#### [PROBLEM STATEMENT]
Locate all lines in the data below that hold "height" and show them.

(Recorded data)
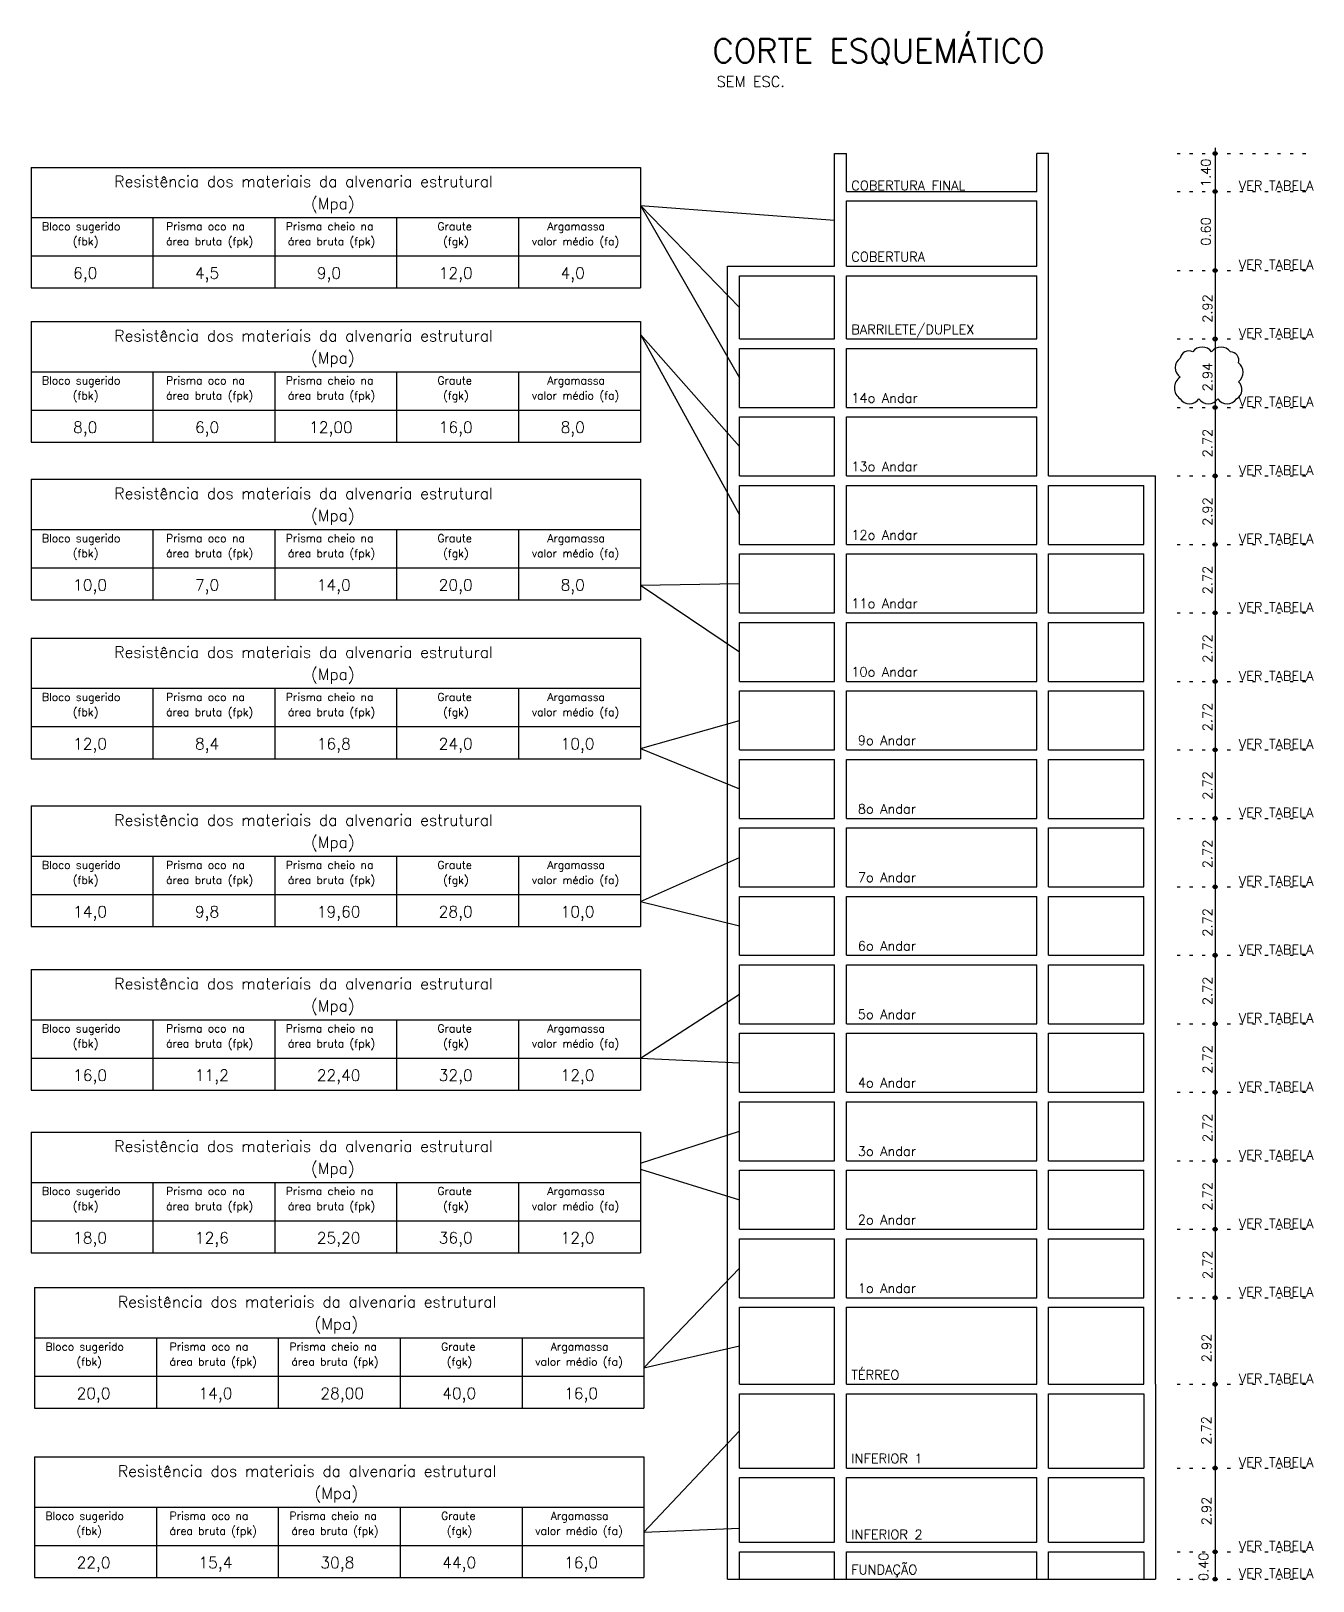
# Model space of a CAD drawing. Extents: x -14651 to 11095, y -4567 to -1290.
# Drawn here: x -10733 to -9713, y -4567 to -3334 of the extents above; entities that cross this region are included whole.
import ezdxf

# ---------------------------------------------------------------- set-up
doc = ezdxf.new("R2010")
doc.units = 0
doc.header["$LTSCALE"] = 25
doc.linetypes.add('ESTILO_TQS_0002', pattern=[0.4, 0.1, -0.3])
for name, color, linetype in [('228', 7, 'Continuous'), ('COTA', 1, 'Continuous'), ('Pena_1', 1, 'Continuous'), ('PENA_6', 6, 'Continuous'), ('SEC-LIN', 1, 'ESTILO_TQS_0002'), ('T1', 2, 'Continuous'), ('T3', 4, 'Continuous'), ('TEXTO', 3, 'Continuous'), ('VIGA', 3, 'Continuous')]:
    doc.layers.add(name, color=color, linetype=linetype)
doc.styles.get("Standard").update_dxf_attribs({"font": 'romans.shx'})
doc.styles.add('Texto1', font='romans.shx', dxfattribs={"height": 9})
doc.styles.add('Texto2', font='romans.shx', dxfattribs={"height": 12.5})
doc.styles.add('Texto3', font='romans.shx', dxfattribs={"height": 20})

msp = doc.modelspace()

# ---------------------------------------------------------------- linework, layer by layer
at = {"layer": '228'}
for p, q in [((-9790.6, -3426.83), (-9790.6, -3483.01)), ((-9790.6, -3467.87), (-9790.6, -3531.93)), ((-9790.6, -3516.79), (-9790.6, -3586.43)), ((-9790.6, -3571.29), (-9790.6, -3640.93)), ((-9790.6, -3625.79), (-9790.6, -3695.43)), ((-9790.6, -3680.29), (-9790.6, -3749.93)), ((-9790.6, -3734.79), (-9790.6, -3804.43)), ((-9790.6, -3789.29), (-9790.6, -3858.93)), ((-9790.6, -3843.79), (-9790.6, -3913.43)), ((-9790.6, -3898.29), (-9790.6, -3967.93)), ((-9790.6, -3952.79), (-9790.6, -4022.43)), ((-9790.6, -4007.29), (-9790.6, -4076.93)), ((-9790.6, -4061.79), (-9790.6, -4131.42)), ((-9790.6, -4116.29), (-9790.6, -4185.92)), ((-9790.6, -4170.79), (-9790.6, -4240.42)), ((-9790.6, -4225.29), (-9790.6, -4294.92)), ((-9790.6, -4279.78), (-9790.6, -4349.42)), ((-9790.6, -4334.28), (-9790.6, -4565.82))]:
    msp.add_line(p, q, dxfattribs=at)
for centre, radius in [((-9790.6, -3431.26), 1.51), ((-9790.6, -3431.26), 1.51), ((-9790.6, -3431.26), 0.757), ((-9790.6, -3431.26), 0.757), ((-9790.6, -3461.43), 1.51), ((-9790.6, -3461.43), 1.51), ((-9790.6, -3461.43), 0.757), ((-9790.6, -3461.43), 0.757), ((-9790.6, -3524.36), 1.51), ((-9790.6, -3524.36), 1.51), ((-9790.6, -3524.36), 0.757), ((-9790.6, -3524.36), 0.757), ((-9790.6, -3578.86), 1.51), ((-9790.6, -3578.86), 1.51), ((-9790.6, -3578.86), 0.757), ((-9790.6, -3578.86), 0.757), ((-9790.6, -3633.36), 1.51), ((-9790.6, -3633.36), 1.51), ((-9790.6, -3633.36), 0.757), ((-9790.6, -3633.36), 0.757), ((-9790.6, -3687.86), 1.51), ((-9790.6, -3687.86), 1.51), ((-9790.6, -3687.86), 0.757), ((-9790.6, -3687.86), 0.757), ((-9790.6, -3742.36), 1.51), ((-9790.6, -3742.36), 1.51), ((-9790.6, -3742.36), 0.757), ((-9790.6, -3742.36), 0.757), ((-9790.6, -3796.86), 1.51), ((-9790.6, -3796.86), 1.51), ((-9790.6, -3796.86), 0.757), ((-9790.6, -3796.86), 0.757), ((-9790.6, -3851.36), 1.51), ((-9790.6, -3851.36), 1.51), ((-9790.6, -3851.36), 0.757), ((-9790.6, -3851.36), 0.757), ((-9790.6, -3905.86), 1.51), ((-9790.6, -3905.86), 1.51), ((-9790.6, -3905.86), 0.757), ((-9790.6, -3905.86), 0.757), ((-9790.6, -3960.36), 1.51), ((-9790.6, -3960.36), 1.51), ((-9790.6, -3960.36), 0.757), ((-9790.6, -3960.36), 0.757), ((-9790.6, -4014.86), 1.51), ((-9790.6, -4014.86), 1.51), ((-9790.6, -4014.86), 0.757), ((-9790.6, -4014.86), 0.757), ((-9790.6, -4069.36), 1.51), ((-9790.6, -4069.36), 1.51), ((-9790.6, -4069.36), 0.757), ((-9790.6, -4069.36), 0.757), ((-9790.6, -4123.86), 1.51), ((-9790.6, -4123.86), 1.51), ((-9790.6, -4123.86), 0.757), ((-9790.6, -4123.86), 0.757), ((-9790.6, -4178.36), 1.51), ((-9790.6, -4178.36), 1.51), ((-9790.6, -4178.36), 0.757), ((-9790.6, -4178.36), 0.757), ((-9790.6, -4232.85), 1.51), ((-9790.6, -4232.85), 1.51), ((-9790.6, -4232.85), 0.757), ((-9790.6, -4232.85), 0.757), ((-9790.6, -4287.35), 1.51), ((-9790.6, -4287.35), 1.51), ((-9790.6, -4287.35), 0.757), ((-9790.6, -4287.35), 0.757), ((-9790.6, -4341.85), 1.51), ((-9790.6, -4341.85), 1.51), ((-9790.6, -4341.85), 0.757), ((-9790.6, -4341.85), 0.757), ((-9790.6, -4410.8), 1.51), ((-9790.6, -4410.8), 1.51), ((-9790.6, -4410.8), 0.757), ((-9790.6, -4410.8), 0.757), ((-9790.6, -4477.44), 1.51), ((-9790.6, -4477.44), 1.51), ((-9790.6, -4477.44), 0.757), ((-9790.6, -4477.44), 0.757), ((-9790.6, -4544.05), 1.51), ((-9790.6, -4544.05), 1.51), ((-9790.6, -4544.05), 0.757), ((-9790.6, -4544.05), 0.757), ((-9790.6, -4565.82), 1.51), ((-9790.6, -4565.82), 1.51), ((-9790.6, -4565.82), 0.757), ((-9790.6, -4565.82), 0.757)]:
    msp.add_circle(centre, radius, dxfattribs=at)
at = {"layer": 'COTA'}
for p, q in [((-10247.96, -3472.53), (-10169.06, -3609.89)), ((-10247.96, -3472.53), (-10169.06, -3553.69)), ((-10247.96, -3575.21), (-10169.06, -3664.39)), ((-10247.96, -3575.21), (-10169.06, -3718.89)), ((-10247.96, -3774.88), (-10169.06, -3773.39)), ((-10247.96, -3774.88), (-10169.06, -3827.89)), ((-10247.96, -3904.84), (-10169.06, -3882.39)), ((-10247.96, -3904.84), (-10169.06, -3936.89)), ((-10247.96, -4026.43), (-10169.06, -3991.39)), ((-10247.96, -4026.43), (-10169.06, -4045.89)), ((-10247.96, -4151.15), (-10169.06, -4100.39)), ((-10247.96, -4151.15), (-10169.06, -4154.89)), ((-10247.96, -4234.85), (-10169.06, -4209.39)), ((-10247.96, -4239.62), (-10169.06, -4263.89)), ((-10245.14, -4397.71), (-10169.06, -4318.39)), ((-10245.14, -4397.71), (-10169.06, -4380.11)), ((-10245.14, -4528.45), (-10169.06, -4447.91)), ((-10245.14, -4528.45), (-10169.06, -4525.41))]:
    msp.add_line(p, q, dxfattribs=at)
msp.add_lwpolyline([(-10247.96, -3472.53), (-10093.36, -3484.19)], dxfattribs=at)
at = {"layer": 'Pena_1'}
for p, q in [((-10732.96, -3442.24), (-10732.96, -3538.24)), ((-10732.96, -3442.24), (-10247.96, -3442.24)), ((-10247.96, -3442.24), (-10247.96, -3538.24)), ((-10732.96, -3482.24), (-10247.96, -3482.24)), ((-10635.96, -3482.24), (-10635.96, -3538.24)), ((-10538.96, -3482.24), (-10538.96, -3538.24)), ((-10441.96, -3482.24), (-10441.96, -3538.24)), ((-10344.96, -3482.24), (-10344.96, -3538.24)), ((-10732.96, -3512.74), (-10247.96, -3512.74)), ((-10732.96, -3538.24), (-10247.96, -3538.24)), ((-10732.96, -3564.94), (-10732.96, -3660.94)), ((-10732.96, -3564.94), (-10247.96, -3564.94)), ((-10247.96, -3564.94), (-10247.96, -3660.94)), ((-10732.96, -3604.94), (-10247.96, -3604.94)), ((-10635.96, -3604.94), (-10635.96, -3660.94)), ((-10538.96, -3604.94), (-10538.96, -3660.94)), ((-10441.96, -3604.94), (-10441.96, -3660.94)), ((-10344.96, -3604.94), (-10344.96, -3660.94)), ((-10732.96, -3635.44), (-10247.96, -3635.44)), ((-10732.96, -3660.94), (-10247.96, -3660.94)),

#### [OUTPUT BELOW]
doc.styles.add('Texto1', font='romans.shx', dxfattribs={"height": 9})
doc.styles.add('Texto2', font='romans.shx', dxfattribs={"height": 12.5})
doc.styles.add('Texto3', font='romans.shx', dxfattribs={"height": 20})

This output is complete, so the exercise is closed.